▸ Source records
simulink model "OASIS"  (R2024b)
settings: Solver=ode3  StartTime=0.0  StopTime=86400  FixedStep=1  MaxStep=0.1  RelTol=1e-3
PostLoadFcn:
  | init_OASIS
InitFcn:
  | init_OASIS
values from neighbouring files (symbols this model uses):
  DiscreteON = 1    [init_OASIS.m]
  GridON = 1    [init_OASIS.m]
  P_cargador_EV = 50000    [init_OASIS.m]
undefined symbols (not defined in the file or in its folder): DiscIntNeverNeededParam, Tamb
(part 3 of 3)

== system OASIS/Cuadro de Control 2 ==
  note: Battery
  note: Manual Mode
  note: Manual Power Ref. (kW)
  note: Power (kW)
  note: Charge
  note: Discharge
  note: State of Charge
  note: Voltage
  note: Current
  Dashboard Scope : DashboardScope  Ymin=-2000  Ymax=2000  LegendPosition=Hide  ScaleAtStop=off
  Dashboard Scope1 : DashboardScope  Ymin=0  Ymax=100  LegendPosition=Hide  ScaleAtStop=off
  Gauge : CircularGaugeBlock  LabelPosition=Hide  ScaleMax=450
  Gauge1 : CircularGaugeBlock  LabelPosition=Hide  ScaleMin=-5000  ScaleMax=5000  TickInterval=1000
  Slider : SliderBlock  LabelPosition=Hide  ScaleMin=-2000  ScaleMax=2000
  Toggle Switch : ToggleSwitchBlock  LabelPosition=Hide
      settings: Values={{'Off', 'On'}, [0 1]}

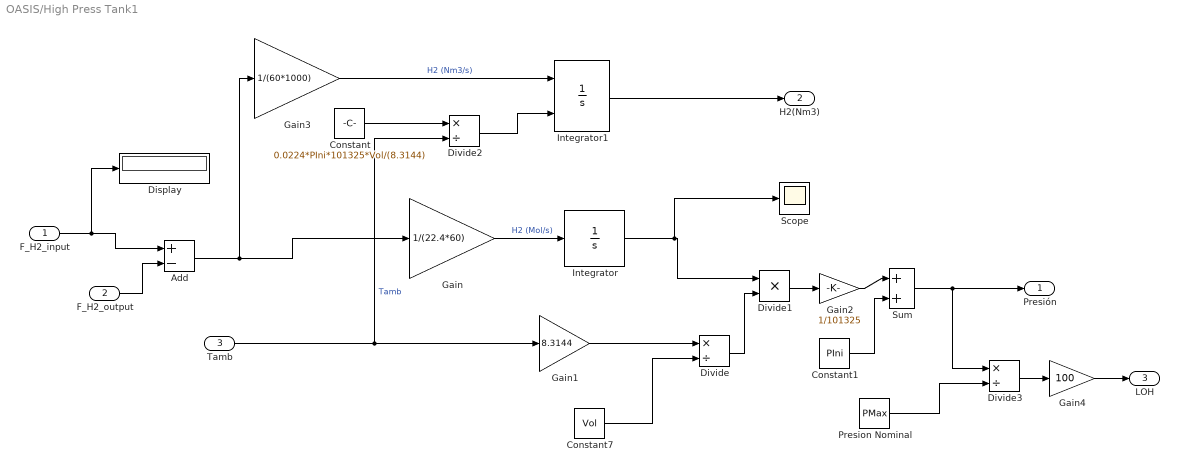
== system OASIS/High Press Tank1 ==
  F_H2_input : Inport
  F_H2_output : Inport  Port=2
  Tamb : Inport  Port=3
  Add : Sum  Inputs=+-
  Constant : Constant  Value=0.0224*PIni*101325*Vol/(8.3144)
  Constant1 : Constant  Value=PIni
  Constant7 : Constant  Value=Vol
  Display : Display
  Divide : Product  Inputs=*/
  Divide1 : Product  Inputs=**
  Divide2 : Product  Inputs=*/
  Divide3 : Product  Inputs=*/
  Gain : Gain  Gain=1/(22.4*60)
  Gain1 : Gain  Gain=8.3144
  Gain2 : Gain  Gain=1/101325
  Gain3 : Gain  Gain=1/(60*1000)
  Gain4 : Gain  Gain=100
  Integrator : Integrator
  Integrator1 : Integrator  InitialConditionSource=external  InitialCondition=PIni*101325*Vol/(8.3144*Tamb*1000)
  Presion Nominal : Constant  Value=PMax
  Scope : Scope
  Sum : Sum  Inputs=|++
  Presión : Outport
  H2(Nm3) : Outport  Port=2
  LOH : Outport  Port=3
  wires:
  Integrator/1 -> Scope/1, Divide1/1
  Divide1/1 -> Gain2/1
  Constant7/1 -> Divide/2
  Gain/1 -> Integrator/1  "H2 (Mol/s)"
  Tamb/1 -> Divide2/2, Gain1/1  "Tamb"
  Gain1/1 -> Divide/1
  Divide/1 -> Divide1/2
  Integrator1/1 -> H2(Nm3)/1
  Gain3/1 -> Integrator1/1  "H2 (Nm3/s)"
  Sum/1 -> Divide3/1, Presión/1
  Gain2/1 -> Sum/1
  Constant1/1 -> Sum/2
  Constant/1 -> Divide2/1
  Divide2/1 -> Integrator1/2
  Add/1 -> Gain3/1, Gain/1
  F_H2_input/1 -> Display/1, Add/1
  F_H2_output/1 -> Add/2
  Presion Nominal/1 -> Divide3/2
  Divide3/1 -> Gain4/1
  Gain4/1 -> LOH/1

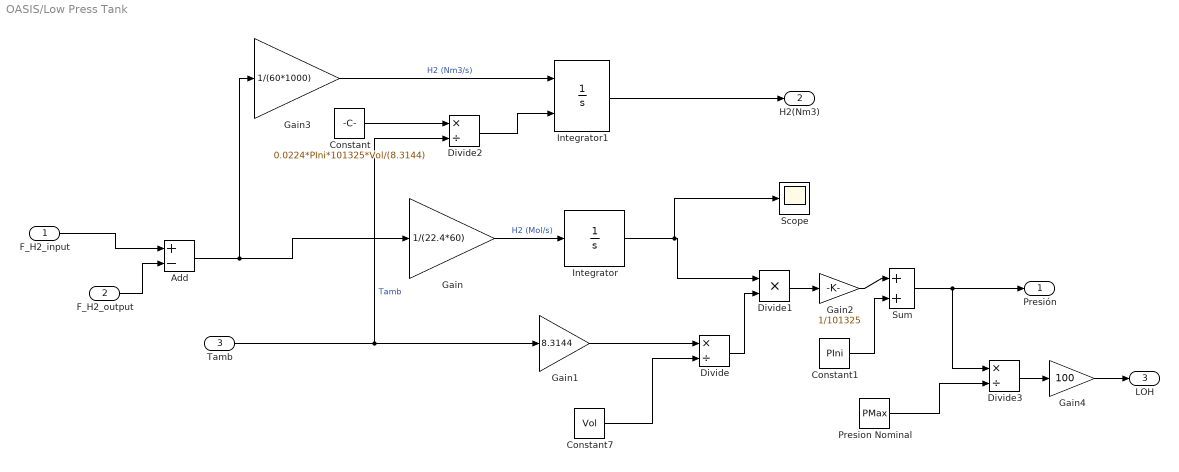
== system OASIS/Low Press Tank ==
  F_H2_input : Inport
  F_H2_output : Inport  Port=2
  Tamb : Inport  Port=3
  Add : Sum  Inputs=+-
  Constant : Constant  Value=0.0224*PIni*101325*Vol/(8.3144)
  Constant1 : Constant  Value=PIni
  Constant7 : Constant  Value=Vol
  Divide : Product  Inputs=*/
  Divide1 : Product  Inputs=**
  Divide2 : Product  Inputs=*/
  Divide3 : Product  Inputs=*/
  Gain : Gain  Gain=1/(22.4*60)
  Gain1 : Gain  Gain=8.3144
  Gain2 : Gain  Gain=1/101325
  Gain3 : Gain  Gain=1/(60*1000)
  Gain4 : Gain  Gain=100
  Integrator : Integrator
  Integrator1 : Integrator  InitialConditionSource=external  InitialCondition=PIni*101325*Vol/(8.3144*Tamb*1000)
  Presion Nominal : Constant  Value=PMax
  Scope : Scope
  Sum : Sum  Inputs=|++
  Presión : Outport
  H2(Nm3) : Outport  Port=2
  LOH : Outport  Port=3
  wires:
  Integrator/1 -> Scope/1, Divide1/1
  Divide1/1 -> Gain2/1
  Constant7/1 -> Divide/2
  Gain/1 -> Integrator/1  "H2 (Mol/s)"
  Tamb/1 -> Divide2/2, Gain1/1  "Tamb"
  Gain1/1 -> Divide/1
  Divide/1 -> Divide1/2
  Integrator1/1 -> H2(Nm3)/1
  Gain3/1 -> Integrator1/1  "H2 (Nm3/s)"
  Sum/1 -> Divide3/1, Presión/1
  Gain2/1 -> Sum/1
  Constant1/1 -> Sum/2
  Constant/1 -> Divide2/1
  Divide2/1 -> Integrator1/2
  Add/1 -> Gain3/1, Gain/1
  F_H2_input/1 -> Add/1
  F_H2_output/1 -> Add/2
  Presion Nominal/1 -> Divide3/2
  Divide3/1 -> Gain4/1
  Gain4/1 -> LOH/1

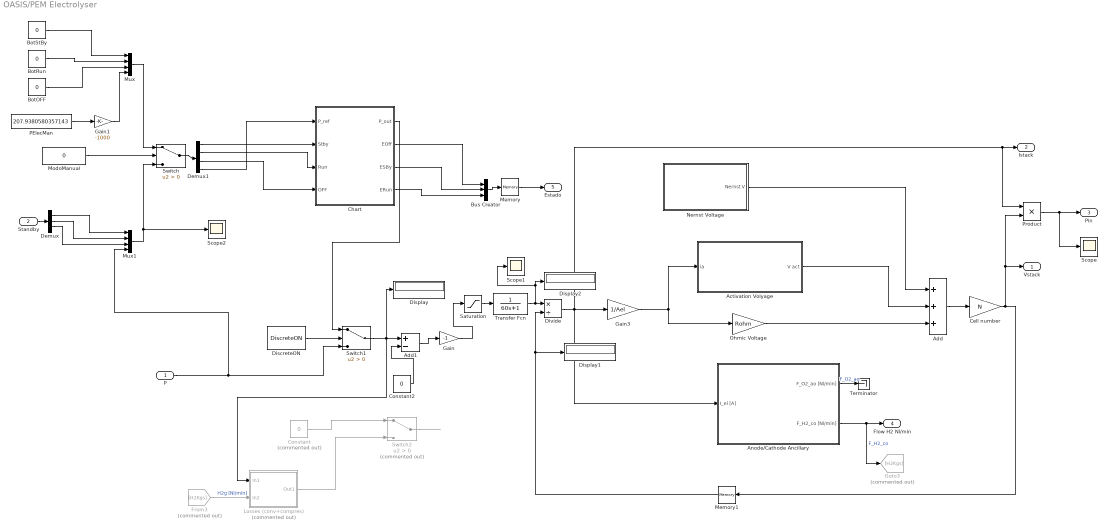
== system OASIS/PEM Electrolyser ==
  P : Inport
  Standby : Inport  Port=2
  Activation Volyage : Subsystem
  Add : Sum  Inputs=+++
  Add1 : Sum  Inputs=+-
  Anode/Cathode Ancillary : Subsystem
  BotOFF : Constant  Value=0
  BotRun : Constant  Value=0
  BotStBy : Constant  Value=0
  Bus Creator : BusCreator  Inputs=3
  Cell number : Gain  Gain=N
  Chart : Stateflow chart  TreatAsAtomicUnit=on
  Constant : Constant  Commented=on  Value=0
  Constant2 : Constant  Value=0
  Demux : Demux  Outputs=3
  Demux1 : Demux
  DiscreteON : Constant  Value=DiscreteON
  Display : Display
  Display1 : Display
  Display2 : Display
  Divide : Product  Inputs=*/
  From3 : From  Commented=on  GotoTag=H2Kgs
  Gain : Gain  Gain=-1
  Gain1 : Gain  Gain=-1000
  Gain3 : Gain  Gain=1/Ael
  Goto3 : Goto  Commented=on  GotoTag=H2Kgs
  Losses (conv+compres) : Subsystem  Commented=on
  Memory : Memory
  Memory1 : Memory  InitialCondition=115
  ModoManual : Constant  Value=0
  Mux : Mux
  Mux1 : Mux
  Nernst Voltage : Subsystem
  Ohmic Voltage : Gain  Gain=Rohm
  PElecMan : Constant  Value=207.9380580357143
  Product : Product
  Saturation : Saturate  UpperLimit=Pmax  LowerLimit=0
  Scope : Scope
  Scope1 : Scope
  Scope2 : Scope
  Switch : Switch  Criteria=u2 > Threshold  SaturateOnIntegerOverflow=off  InputSameDT=off
  Switch1 : Switch  Criteria=u2 > Threshold  SaturateOnIntegerOverflow=off  InputSameDT=off
  Switch2 : Switch  Commented=on  Criteria=u2 > Threshold  SaturateOnIntegerOverflow=off  InputSameDT=off
  Terminator : Terminator
  Transfer Fcn : TransferFcn  Denominator=[60 1]
  Vstack : Outport  VectorParamsAs1DForOutWhenUnconnected=off
  Istack : Outport  Port=2  VectorParamsAs1DForOutWhenUnconnected=off
  Pin : Outport  Port=3  VectorParamsAs1DForOutWhenUnconnected=off
  "Flow H2 Nl/min " : Outport  Port=4  VectorParamsAs1DForOutWhenUnconnected=off
  Estado : Outport  Port=5  VectorParamsAs1DForOutWhenUnconnected=off
  wires:
  Product/1 -> Scope/1, Pin/1
  Gain/1 -> Saturation/1
  Ohmic Voltage/1 -> Add/3
  Activation Volyage/1(V act) -> Add/2
  Cell number/1 -> Memory1/1, Vstack/1, Product/2
  Nernst Voltage/1(Nernst V) -> Add/1
  Add/1 -> Cell number/1
  Divide/1 -> Gain3/1, Istack/1, Product/1, Anode/Cathode Ancillary/1(I_el [A])
  Memory1/1 -> Display1/1, Divide/2
  Gain3/1 -> Ohmic Voltage/1, Activation Volyage/1(ia)
  Anode/Cathode Ancillary/2(F_H2_co [Nl/min]) -> Goto3/1, "Flow H2 Nl/min "/1  "F_H2_co"
  ModoManual/1 -> Switch/2
  PElecMan/1 -> Gain1/1
  P/1 -> Mux1/4, Switch1/3
  Chart/1(P_out) -> Switch1/1
  Saturation/1 -> Transfer Fcn/1
  Transfer Fcn/1 -> Scope1/1, Display2/1, Divide/1
  DiscreteON/1 -> Switch1/2
  Add1/1 -> Gain/1
  Switch1/1 -> Display/1, Add1/1, Losses (conv+compres)/1(In1)
  Constant/1 -> Switch2/1
  Losses (conv+compres)/1(Out1) -> Switch2/3
  From3/1 -> Losses (conv+compres)/2(In2)  "H2g [Nl/min]"
  Bus Creator/1 -> Memory/1
  Memory/1 -> Estado/1
  BotStBy/1 -> Mux/1
  BotRun/1 -> Mux/2
  BotOFF/1 -> Mux/3
  Gain1/1 -> Mux/4
  Mux/1 -> Switch/1
  Switch/1 -> Demux1/1
  Demux1/1 -> Chart/2(Stby)
  Demux1/2 -> Chart/3(Run)
  Demux1/3 -> Chart/4(OFF)
  Demux1/4 -> Chart/1(P_ref)
  Standby/1 -> Demux/1
  Demux/1 -> Mux1/1
  Demux/2 -> Mux1/2
  Mux1/1 -> Scope2/1, Switch/3
  Demux/3 -> Mux1/3
  Chart/2(EOff) -> Bus Creator/1
  Chart/3(ESBy) -> Bus Creator/2
  Chart/4(ERun) -> Bus Creator/3
  Constant2/1 -> Add1/2
  Anode/Cathode Ancillary/1(F_O2_ao [Nl/min]) -> Terminator/1  "F_O2_ao"
  Switch2/1 -> ?

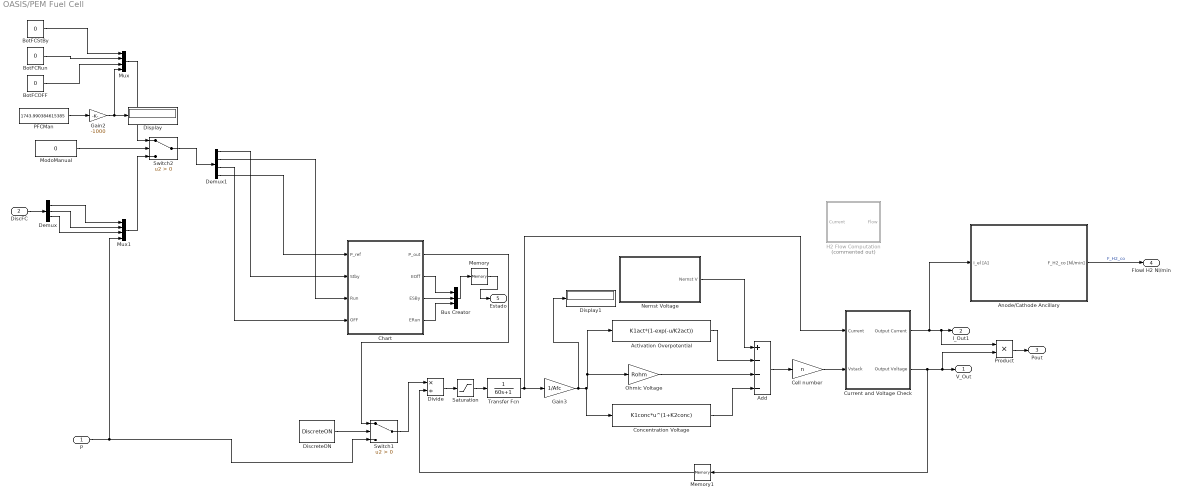
== system OASIS/PEM Fuel Cell ==
  P : Inport
  DiscFC : Inport  Port=2
  "Activation Overpotential " : Fcn  Expr=K1act*(1-exp(-u/K2act))
  Add : Sum  Inputs=+---
  Anode/Cathode Ancillary : Subsystem
  BotFCOFF : Constant  Value=0
  BotFCRun : Constant  Value=0
  BotFCStBy : Constant  Value=0
  Bus Creator : BusCreator  Inputs=3
  Cell number : Gain  Gain=n
  Chart : Stateflow chart  TreatAsAtomicUnit=on
  Concentration Voltage : Fcn  Expr=K1conc*u^(1+K2conc)
  Current and Voltage Check : Subsystem
  Demux : Demux  Outputs=3
  Demux1 : Demux
  DiscreteON : Constant  Value=DiscreteON
  Display : Display
  Display1 : Display
  Divide : Product  Inputs=*/
  Gain2 : Gain  Gain=-1000
  Gain3 : Gain  Gain=1/Afc
  H2 Flow Computation : Subsystem  Commented=on
  Memory : Memory
  Memory1 : Memory  InitialCondition=600
  ModoManual : Constant  Value=0
  Mux : Mux
  Mux1 : Mux
  Nernst Voltage : Subsystem
  Ohmic Voltage : Gain  Gain=Rohm
  PFCMan : Constant  Value=1743.990384615385
  Product : Product
  Saturation : Saturate  UpperLimit=Imax  LowerLimit=0
  Switch1 : Switch  Criteria=u2 > Threshold  SaturateOnIntegerOverflow=off  InputSameDT=off
  Switch2 : Switch  Criteria=u2 > Threshold  SaturateOnIntegerOverflow=off  InputSameDT=off
  Transfer Fcn : TransferFcn  Denominator=[60 1]
  V_Out : Outport  VectorParamsAs1DForOutWhenUnconnected=off
  I_Out1 : Outport  Port=2  VectorParamsAs1DForOutWhenUnconnected=off
  Pout : Outport  Port=3  VectorParamsAs1DForOutWhenUnconnected=off
  Flowl H2 Nl/min : Outport  Port=4  VectorParamsAs1DForOutWhenUnconnected=off
  Estado : Outport  Port=5  VectorParamsAs1DForOutWhenUnconnected=off
  wires:
  Product/1 -> Pout/1
  Cell number/1 -> Current and Voltage Check/2(Vstack)
  Divide/1 -> Saturation/1
  Current and Voltage Check/1(Output Current) -> Anode/Cathode Ancillary/1(I_el [A]), I_Out1/1, Product/1
  Current and Voltage Check/2(Output Voltage) -> V_Out/1, Product/2, Memory1/1
  "Activation Overpotential "/1 -> Add/2
  Nernst Voltage/1(Nernst V) -> Add/1
  Gain3/1 -> Display1/1, Ohmic Voltage/1, "Activation Overpotential "/1, Concentration Voltage/1
  Ohmic Voltage/1 -> Add/3
  Memory1/1 -> Divide/2
  Add/1 -> Cell number/1
  Anode/Cathode Ancillary/1(F_H2_co [Nl/min]) -> Flowl H2 Nl/min/1  "F_H2_co"
  Concentration Voltage/1 -> Add/4
  Saturation/1 -> Transfer Fcn/1
  Chart/3(ESBy) -> Bus Creator/2
  Chart/4(ERun) -> Bus Creator/3
  Chart/2(EOff) -> Bus Creator/1
  Transfer Fcn/1 -> Current and Voltage Check/1(Current), Gain3/1
  DiscreteON/1 -> Switch1/2
  Chart/1(P_out) -> Switch1/1
  Switch1/1 -> Divide/1
  Bus Creator/1 -> Memory/1
  Demux/3 -> Mux1/3
  DiscFC/1 -> Demux/1
  BotFCRun/1 -> Mux/2
  Demux/2 -> Mux1/2
  Demux/1 -> Mux1/1
  BotFCOFF/1 -> Mux/3
  Gain2/1 -> Mux/4, Display/1
  P/1 -> Switch1/3, Mux1/4
  ModoManual/1 -> Switch2/2
  Mux/1 -> Switch2/1
  BotFCStBy/1 -> Mux/1
  Mux1/1 -> Switch2/3
  PFCMan/1 -> Gain2/1
  Switch2/1 -> Demux1/1
  Memory/1 -> Estado/1
  Demux1/4 -> Chart/1(P_ref)
  Demux1/1 -> Chart/2(Stby)
  Demux1/2 -> Chart/3(Run)
  Demux1/3 -> Chart/4(OFF)

== system OASIS/Predicciones LSTM ==
  Clock1 : Clock
  From Workspace1 : FromWorkspace  VariableName=features_solar  SampleTime=900
  From Workspace2 : FromWorkspace  VariableName=dia_anno  SampleTime=1
  From Workspace3 : FromWorkspace  VariableName=features_precio  SampleTime=1
  From Workspace4 : FromWorkspace  VariableName=dia_semana  SampleTime=1
  Gain4 : Gain  Gain=490
  Modelo LSTM Irradianza : M-S-Function  FunctionName=lstm_sol
  Modelo LSTM Precio : M-S-Function  FunctionName=lstm_precios
  W : Outport
  €/MW : Outport  Port=2
  W/m2 : Outport  Port=3
  wires:
  Clock1/1 -> Modelo LSTM Precio/2, Modelo LSTM Irradianza/2
  Gain4/1 -> W/1  "W"
  Modelo LSTM Precio/1 -> €/MW/1  "€/MW"
  From Workspace3/1 -> Modelo LSTM Precio/1
  Modelo LSTM Irradianza/1 -> W/m2/1, Gain4/1  "W/m2"
  From Workspace1/1 -> Modelo LSTM Irradianza/1
  From Workspace2/1 -> Modelo LSTM Precio/3
  From Workspace4/1 -> Modelo LSTM Precio/4

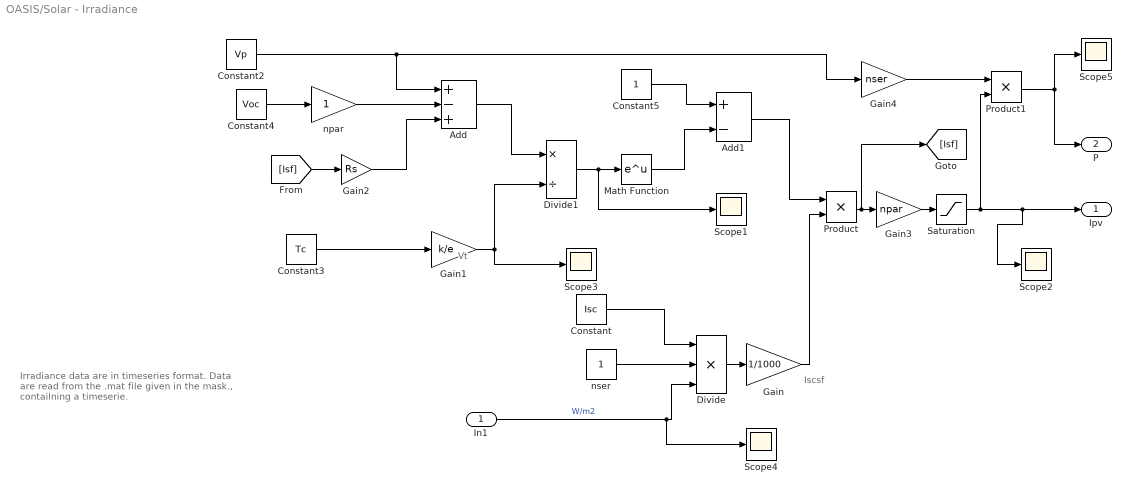
== system OASIS/Solar - Irradiance ==
  note: Vt
  note: Iscsf
  note: Irradiance data are in timeseries format.
      |
      | Data are read from the .mat file given in the mask., contailning a timeserie.
  In1 : Inport
  Add : Sum  Inputs=+-+
  Add1 : Sum  Inputs=+-
  Constant : Constant  Value=Isc
  Constant2 : Constant  Value=Vp
  Constant3 : Constant  Value=Tc
  Constant4 : Constant  Value=Voc
  Constant5 : Constant
  Divide : Product  Inputs=***
  Divide1 : Product  Inputs=*/
  Gain : Gain  Gain=1/1000
  Gain1 : Gain  Gain=k/e
  Gain2 : Gain  Gain=Rs
  Gain3 : Gain  Gain=npar
  Gain4 : Gain  Gain=nser
  Math Function : Math  SignedPower=on
  Product : Product
  Product1 : Product
  Saturation : Saturate  UpperLimit=inf  LowerLimit=0
  Scope{1..5} (5 alike) : Scope
  npar : Gain
  nser : Constant
  Ipv : Outport  VectorParamsAs1DForOutWhenUnconnected=off
  P : Outport  Port=2  VectorParamsAs1DForOutWhenUnconnected=off
  wires:
  Constant/1 -> Divide/1
  nser/1 -> Divide/2
  Divide/1 -> Gain/1
  Gain/1 -> Product/2
  Gain1/1 -> Scope3/1, Divide1/2
  Constant2/1 -> Gain4/1, Add/1
  Constant4/1 -> npar/1
  [Isf] -> Gain2/1
  Gain2/1 -> Add/3
  Divide1/1 -> Scope1/1, Math Function/1
  Math Function/1 -> Add1/2
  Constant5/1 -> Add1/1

▸ Task requirements
The only acceptable answer is a number: how many lines in the data above hold the word "Concentration".

▸ Task output
3